Keeping policy rate at 14.5% won’t have any impact on economy – Gatsi


Professor John Gatsi, an Economist at the University of Cape Coast has said the decision by the Bank of Ghana (BoG) to maintain the policy rate at 14.5 per cent will not have any significant impact on the economy.

He said it only gives commercial banks the space to decide whether or not to reduce their lending rate.

Apart from this, he said, Ghanaians won’t see any significant positive effect of the maintenance.

The BoG has maintained the Policy rate at 14.5 per cent for April 2020.

The central bank last month lowered the policy rate by 150 basis points from 16 per cent to 14.5 per cent.

Addressing the media Friday, the Governor, Dr Ernest Addison attributed this to some risk to the inflation outlook.
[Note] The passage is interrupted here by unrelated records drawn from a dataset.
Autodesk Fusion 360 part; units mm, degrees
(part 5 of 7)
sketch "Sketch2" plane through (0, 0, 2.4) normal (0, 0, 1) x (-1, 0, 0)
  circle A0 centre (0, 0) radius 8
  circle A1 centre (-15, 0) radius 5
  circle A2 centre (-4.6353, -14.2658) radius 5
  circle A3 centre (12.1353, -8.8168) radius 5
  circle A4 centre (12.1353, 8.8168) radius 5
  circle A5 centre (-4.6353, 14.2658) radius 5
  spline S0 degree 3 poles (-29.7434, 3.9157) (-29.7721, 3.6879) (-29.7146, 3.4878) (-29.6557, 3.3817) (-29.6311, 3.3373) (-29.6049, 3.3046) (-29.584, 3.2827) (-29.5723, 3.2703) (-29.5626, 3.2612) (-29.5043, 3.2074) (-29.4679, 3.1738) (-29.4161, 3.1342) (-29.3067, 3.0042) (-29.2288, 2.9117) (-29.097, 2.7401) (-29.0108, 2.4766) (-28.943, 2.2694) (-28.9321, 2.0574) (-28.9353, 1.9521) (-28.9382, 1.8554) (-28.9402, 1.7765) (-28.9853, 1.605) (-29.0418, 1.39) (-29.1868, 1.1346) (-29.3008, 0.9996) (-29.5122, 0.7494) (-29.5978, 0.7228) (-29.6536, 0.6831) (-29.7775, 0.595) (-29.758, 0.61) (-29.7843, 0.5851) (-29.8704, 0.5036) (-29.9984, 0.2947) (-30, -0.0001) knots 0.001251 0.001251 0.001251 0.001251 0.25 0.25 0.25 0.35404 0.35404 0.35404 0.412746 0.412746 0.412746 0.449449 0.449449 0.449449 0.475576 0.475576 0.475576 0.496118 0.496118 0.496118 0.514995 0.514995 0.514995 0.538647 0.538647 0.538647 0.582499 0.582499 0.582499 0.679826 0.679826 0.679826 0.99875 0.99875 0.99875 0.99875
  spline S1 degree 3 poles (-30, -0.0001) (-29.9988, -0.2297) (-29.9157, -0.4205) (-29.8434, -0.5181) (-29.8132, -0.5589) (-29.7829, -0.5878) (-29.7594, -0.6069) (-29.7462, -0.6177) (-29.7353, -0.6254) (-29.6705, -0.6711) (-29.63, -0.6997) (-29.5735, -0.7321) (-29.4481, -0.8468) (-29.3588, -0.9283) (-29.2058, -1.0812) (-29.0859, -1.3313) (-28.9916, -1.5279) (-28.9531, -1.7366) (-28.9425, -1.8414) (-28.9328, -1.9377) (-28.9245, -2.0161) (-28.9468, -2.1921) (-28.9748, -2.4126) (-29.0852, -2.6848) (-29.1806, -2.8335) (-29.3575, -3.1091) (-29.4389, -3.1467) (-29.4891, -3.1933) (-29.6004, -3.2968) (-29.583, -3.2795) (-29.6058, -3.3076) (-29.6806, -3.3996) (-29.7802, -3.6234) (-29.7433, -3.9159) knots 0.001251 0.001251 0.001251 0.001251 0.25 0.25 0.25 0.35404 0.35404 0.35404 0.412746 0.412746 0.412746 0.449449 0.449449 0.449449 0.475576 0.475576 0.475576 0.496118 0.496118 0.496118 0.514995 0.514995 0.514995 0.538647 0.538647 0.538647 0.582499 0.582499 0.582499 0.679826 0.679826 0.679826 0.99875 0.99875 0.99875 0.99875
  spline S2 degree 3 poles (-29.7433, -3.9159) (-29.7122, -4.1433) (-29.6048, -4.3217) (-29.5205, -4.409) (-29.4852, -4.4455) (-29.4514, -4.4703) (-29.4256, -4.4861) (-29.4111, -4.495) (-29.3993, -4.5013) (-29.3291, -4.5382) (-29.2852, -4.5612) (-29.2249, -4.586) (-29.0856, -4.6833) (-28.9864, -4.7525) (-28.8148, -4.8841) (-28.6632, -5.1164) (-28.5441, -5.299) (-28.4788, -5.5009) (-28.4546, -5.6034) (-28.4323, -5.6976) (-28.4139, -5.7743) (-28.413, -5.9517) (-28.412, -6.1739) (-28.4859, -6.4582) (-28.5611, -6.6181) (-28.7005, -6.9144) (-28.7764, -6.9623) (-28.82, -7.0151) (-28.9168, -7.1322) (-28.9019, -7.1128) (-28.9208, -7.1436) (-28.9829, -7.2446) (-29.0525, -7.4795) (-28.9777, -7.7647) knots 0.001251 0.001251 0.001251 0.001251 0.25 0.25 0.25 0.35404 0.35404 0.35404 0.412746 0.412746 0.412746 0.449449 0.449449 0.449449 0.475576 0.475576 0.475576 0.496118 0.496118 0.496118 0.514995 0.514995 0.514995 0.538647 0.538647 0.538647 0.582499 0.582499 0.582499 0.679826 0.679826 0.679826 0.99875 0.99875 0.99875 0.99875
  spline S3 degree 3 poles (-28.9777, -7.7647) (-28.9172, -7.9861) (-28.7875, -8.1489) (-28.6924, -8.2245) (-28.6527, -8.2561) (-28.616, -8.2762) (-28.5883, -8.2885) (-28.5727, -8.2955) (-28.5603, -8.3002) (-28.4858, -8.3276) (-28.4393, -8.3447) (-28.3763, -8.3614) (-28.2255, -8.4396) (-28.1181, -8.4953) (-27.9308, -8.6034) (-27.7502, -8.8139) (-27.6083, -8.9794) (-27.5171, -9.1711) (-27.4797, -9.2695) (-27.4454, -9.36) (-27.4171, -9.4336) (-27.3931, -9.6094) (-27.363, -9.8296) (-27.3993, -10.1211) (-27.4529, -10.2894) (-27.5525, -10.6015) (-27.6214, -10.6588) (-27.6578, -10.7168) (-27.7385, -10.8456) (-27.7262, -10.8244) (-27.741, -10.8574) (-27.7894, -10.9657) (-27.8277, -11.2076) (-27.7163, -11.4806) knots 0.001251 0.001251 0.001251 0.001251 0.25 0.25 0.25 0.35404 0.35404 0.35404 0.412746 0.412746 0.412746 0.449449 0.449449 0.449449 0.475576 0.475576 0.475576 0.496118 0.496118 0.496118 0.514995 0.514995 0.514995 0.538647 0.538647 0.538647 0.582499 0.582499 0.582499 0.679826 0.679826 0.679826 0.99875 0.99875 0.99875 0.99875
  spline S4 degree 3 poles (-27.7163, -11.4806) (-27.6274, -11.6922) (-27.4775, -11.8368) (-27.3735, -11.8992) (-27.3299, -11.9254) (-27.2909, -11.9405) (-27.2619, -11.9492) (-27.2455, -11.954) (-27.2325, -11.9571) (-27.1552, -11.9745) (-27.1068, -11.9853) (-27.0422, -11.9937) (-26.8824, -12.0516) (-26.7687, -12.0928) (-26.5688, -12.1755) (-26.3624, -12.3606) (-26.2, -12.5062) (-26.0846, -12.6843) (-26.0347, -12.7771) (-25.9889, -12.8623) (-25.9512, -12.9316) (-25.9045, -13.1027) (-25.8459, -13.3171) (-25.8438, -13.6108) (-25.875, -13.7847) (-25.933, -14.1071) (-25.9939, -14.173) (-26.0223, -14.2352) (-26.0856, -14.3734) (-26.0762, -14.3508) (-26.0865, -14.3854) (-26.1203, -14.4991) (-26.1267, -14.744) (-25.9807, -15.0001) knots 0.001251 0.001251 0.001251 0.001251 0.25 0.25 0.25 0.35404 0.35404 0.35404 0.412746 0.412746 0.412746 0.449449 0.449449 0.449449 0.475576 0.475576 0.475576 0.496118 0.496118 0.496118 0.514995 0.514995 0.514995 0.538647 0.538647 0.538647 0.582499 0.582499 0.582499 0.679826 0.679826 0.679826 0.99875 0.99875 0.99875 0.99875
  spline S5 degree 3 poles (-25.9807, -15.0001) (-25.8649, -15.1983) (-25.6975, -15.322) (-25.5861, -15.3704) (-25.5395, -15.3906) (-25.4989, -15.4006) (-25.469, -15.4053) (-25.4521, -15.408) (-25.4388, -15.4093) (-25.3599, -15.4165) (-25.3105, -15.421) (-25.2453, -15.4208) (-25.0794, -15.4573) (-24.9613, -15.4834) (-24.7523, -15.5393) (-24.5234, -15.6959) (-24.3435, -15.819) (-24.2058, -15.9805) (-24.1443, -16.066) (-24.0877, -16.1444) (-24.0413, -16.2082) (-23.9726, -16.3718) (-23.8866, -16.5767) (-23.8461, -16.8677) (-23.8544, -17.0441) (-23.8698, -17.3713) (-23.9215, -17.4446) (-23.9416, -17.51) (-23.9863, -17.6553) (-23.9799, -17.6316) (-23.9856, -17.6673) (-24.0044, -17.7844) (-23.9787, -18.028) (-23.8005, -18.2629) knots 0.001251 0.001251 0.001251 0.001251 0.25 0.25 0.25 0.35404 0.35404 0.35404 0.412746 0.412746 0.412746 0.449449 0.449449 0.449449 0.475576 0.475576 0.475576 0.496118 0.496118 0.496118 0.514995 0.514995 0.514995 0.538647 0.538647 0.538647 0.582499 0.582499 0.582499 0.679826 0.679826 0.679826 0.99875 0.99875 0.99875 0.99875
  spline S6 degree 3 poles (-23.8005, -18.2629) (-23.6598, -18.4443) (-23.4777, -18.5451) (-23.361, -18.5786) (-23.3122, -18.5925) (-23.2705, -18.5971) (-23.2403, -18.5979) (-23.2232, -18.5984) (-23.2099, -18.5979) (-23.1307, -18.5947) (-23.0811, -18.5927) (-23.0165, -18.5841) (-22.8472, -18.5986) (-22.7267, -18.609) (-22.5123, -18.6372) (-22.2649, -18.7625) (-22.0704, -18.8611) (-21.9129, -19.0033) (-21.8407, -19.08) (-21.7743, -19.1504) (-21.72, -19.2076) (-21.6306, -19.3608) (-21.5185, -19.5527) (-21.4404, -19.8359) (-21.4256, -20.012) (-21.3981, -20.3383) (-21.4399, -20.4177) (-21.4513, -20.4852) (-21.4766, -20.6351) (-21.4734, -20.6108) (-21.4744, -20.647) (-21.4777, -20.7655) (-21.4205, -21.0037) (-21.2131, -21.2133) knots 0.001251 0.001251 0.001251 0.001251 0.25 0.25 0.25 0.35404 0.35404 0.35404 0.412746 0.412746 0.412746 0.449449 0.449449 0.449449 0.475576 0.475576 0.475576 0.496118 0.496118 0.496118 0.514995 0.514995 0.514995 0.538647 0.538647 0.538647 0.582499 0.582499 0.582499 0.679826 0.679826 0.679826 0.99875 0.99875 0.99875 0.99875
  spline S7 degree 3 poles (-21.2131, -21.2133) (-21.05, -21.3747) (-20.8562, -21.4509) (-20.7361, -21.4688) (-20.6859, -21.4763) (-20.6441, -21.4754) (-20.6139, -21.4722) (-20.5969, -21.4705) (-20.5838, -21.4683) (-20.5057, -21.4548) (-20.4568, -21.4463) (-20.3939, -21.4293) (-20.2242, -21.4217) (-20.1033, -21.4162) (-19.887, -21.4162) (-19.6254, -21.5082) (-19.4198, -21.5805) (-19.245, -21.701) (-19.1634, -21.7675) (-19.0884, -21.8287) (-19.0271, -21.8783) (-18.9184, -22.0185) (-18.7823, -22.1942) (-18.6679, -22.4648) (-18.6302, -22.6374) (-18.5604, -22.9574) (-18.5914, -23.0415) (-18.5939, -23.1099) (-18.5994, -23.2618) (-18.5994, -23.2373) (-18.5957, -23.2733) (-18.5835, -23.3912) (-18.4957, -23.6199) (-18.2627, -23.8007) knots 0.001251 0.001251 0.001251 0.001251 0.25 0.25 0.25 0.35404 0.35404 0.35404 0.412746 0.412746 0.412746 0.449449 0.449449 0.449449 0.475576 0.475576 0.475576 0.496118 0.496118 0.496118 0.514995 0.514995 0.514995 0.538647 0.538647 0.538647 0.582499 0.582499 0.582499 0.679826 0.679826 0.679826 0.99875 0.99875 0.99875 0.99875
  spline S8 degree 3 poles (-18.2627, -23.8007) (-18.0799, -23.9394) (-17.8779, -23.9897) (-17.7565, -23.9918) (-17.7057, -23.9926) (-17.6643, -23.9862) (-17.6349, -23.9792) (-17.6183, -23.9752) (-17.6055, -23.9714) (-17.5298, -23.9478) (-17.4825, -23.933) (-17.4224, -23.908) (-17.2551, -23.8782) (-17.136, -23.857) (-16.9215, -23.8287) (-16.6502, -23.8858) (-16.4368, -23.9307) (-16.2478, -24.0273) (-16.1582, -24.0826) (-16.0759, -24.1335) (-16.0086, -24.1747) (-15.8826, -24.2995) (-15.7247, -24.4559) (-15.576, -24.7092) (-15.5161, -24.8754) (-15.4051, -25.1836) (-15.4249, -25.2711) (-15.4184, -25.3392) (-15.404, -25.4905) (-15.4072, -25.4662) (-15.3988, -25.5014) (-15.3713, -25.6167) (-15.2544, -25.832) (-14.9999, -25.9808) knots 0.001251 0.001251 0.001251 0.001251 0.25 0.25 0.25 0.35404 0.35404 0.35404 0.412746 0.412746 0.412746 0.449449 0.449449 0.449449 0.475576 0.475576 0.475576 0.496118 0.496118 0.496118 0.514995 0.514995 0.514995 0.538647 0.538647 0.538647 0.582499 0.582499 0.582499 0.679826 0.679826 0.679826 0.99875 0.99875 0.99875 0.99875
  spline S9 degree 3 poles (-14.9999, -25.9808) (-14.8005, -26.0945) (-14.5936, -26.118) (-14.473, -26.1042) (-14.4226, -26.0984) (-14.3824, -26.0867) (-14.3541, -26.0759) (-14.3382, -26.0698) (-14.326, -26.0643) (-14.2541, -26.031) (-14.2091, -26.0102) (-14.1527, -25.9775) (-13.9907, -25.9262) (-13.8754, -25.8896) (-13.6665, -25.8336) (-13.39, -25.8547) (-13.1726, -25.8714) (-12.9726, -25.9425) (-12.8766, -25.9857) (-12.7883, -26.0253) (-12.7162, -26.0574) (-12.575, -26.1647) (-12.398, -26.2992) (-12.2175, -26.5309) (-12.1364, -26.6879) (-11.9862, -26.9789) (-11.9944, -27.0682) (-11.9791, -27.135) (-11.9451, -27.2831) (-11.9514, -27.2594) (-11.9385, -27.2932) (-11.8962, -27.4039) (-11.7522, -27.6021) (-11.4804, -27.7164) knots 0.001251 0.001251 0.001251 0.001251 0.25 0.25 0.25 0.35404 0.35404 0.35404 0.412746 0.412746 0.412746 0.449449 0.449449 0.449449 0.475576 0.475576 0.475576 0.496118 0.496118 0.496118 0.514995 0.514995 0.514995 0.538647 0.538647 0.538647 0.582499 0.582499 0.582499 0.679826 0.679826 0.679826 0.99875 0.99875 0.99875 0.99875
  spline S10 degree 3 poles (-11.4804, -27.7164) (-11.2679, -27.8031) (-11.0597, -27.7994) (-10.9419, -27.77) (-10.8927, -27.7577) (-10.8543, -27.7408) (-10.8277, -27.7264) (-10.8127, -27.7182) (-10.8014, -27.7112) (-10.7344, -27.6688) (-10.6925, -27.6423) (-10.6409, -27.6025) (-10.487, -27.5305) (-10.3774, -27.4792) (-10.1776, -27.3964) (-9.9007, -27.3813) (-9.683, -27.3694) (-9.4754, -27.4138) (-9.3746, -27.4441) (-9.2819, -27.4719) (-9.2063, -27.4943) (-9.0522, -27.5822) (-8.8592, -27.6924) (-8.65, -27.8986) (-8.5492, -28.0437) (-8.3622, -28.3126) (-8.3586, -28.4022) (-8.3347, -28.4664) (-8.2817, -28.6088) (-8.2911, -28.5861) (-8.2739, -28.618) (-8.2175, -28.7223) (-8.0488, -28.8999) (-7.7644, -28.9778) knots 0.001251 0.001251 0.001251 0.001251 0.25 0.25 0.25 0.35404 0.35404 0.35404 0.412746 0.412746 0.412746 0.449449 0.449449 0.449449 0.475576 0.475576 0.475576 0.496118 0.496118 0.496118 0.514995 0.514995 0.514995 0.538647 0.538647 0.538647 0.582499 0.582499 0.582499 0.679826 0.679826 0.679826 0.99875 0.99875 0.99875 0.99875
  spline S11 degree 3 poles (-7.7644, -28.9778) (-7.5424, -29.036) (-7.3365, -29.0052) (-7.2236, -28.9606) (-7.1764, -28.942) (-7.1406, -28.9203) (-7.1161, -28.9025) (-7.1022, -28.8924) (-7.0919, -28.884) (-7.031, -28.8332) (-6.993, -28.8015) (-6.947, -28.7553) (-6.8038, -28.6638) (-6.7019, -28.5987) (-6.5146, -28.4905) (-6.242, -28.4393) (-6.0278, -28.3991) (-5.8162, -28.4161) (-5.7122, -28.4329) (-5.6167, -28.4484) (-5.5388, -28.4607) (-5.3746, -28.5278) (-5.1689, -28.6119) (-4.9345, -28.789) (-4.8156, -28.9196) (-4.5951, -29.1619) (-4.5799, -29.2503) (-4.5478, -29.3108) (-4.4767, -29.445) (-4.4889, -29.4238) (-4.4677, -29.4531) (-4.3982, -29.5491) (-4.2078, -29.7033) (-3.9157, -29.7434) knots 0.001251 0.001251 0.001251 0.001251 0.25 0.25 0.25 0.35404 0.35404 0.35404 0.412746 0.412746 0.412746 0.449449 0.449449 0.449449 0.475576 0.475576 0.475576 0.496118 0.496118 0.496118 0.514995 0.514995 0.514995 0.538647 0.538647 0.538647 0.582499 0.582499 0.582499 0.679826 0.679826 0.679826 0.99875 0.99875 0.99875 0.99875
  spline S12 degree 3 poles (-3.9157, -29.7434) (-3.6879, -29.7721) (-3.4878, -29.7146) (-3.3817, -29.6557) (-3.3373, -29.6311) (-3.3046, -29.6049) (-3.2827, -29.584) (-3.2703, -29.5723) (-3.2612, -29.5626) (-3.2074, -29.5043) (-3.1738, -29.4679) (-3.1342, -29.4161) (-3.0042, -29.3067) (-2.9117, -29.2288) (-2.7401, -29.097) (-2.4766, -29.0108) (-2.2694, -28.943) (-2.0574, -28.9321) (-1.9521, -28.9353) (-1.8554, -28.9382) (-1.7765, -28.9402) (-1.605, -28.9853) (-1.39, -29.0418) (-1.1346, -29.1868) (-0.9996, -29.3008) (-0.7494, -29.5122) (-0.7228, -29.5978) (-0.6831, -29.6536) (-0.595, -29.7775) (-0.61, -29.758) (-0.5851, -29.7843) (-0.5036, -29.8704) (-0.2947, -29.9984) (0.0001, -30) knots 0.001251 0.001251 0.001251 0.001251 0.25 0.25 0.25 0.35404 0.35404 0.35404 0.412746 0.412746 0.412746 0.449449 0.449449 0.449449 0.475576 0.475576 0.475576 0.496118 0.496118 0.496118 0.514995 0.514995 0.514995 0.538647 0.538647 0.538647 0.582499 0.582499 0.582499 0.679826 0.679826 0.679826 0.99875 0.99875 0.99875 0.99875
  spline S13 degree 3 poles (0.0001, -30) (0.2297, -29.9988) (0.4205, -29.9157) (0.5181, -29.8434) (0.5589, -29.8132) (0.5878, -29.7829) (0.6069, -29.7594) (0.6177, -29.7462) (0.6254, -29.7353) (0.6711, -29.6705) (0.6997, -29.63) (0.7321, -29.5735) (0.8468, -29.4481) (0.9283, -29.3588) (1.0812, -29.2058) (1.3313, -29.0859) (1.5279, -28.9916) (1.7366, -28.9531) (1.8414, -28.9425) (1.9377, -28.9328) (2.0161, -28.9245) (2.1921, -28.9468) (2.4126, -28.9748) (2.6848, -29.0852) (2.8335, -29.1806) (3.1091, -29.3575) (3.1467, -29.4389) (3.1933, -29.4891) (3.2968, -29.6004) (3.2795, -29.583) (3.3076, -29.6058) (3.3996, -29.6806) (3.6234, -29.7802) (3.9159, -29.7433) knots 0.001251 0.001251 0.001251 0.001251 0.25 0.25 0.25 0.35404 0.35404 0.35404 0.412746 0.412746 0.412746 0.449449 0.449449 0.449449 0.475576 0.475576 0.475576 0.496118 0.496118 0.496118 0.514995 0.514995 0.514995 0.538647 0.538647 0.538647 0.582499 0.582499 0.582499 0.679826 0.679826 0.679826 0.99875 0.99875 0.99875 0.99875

Dr Addison said, “The recent rise in inflation is projected to peak in the second quarter and begin to return to the disinflation path in subsequent quarters with inflation settling within the medium-term target band by the end of the year. On the growth outlook, baseline projections show a sharp downturn in GDP growth with the economy operating below capacity in the medium-term.”

Reacting to this in an interview on TV3’s News 360 Friday May 15, Professor Gatsi said : “I don’t think it will have any significant impact except that it gives the commercial banks some space that they will not be forced to reduce their lending rates .”

Meanwhile, speaking about Ghana’s total public debt which has  increased by US$300 million in March 2020 to US$43.4 billion as revealed by the latest March 2020 Bank of Ghana Summary of Economic and Financial Data, Professor Gatsi said  the increasing debt stock makes Ghana fragile in the handling of the debts situation.

“The first quarter debt is supposed to be GHS15.6billion, and so we need to be worried.

“Because when you take the public sector financial management law , when we are assessing the critical effect of our financial management we are supposed to be looking at not only the debt stock,  not only the debt to GDP ratio but we should also be looking at the wage bill to tax revenue.

“When we put all these together you will realize that we are in a very fragile and a very delicate situation when it comes to the management of our debt,” he said.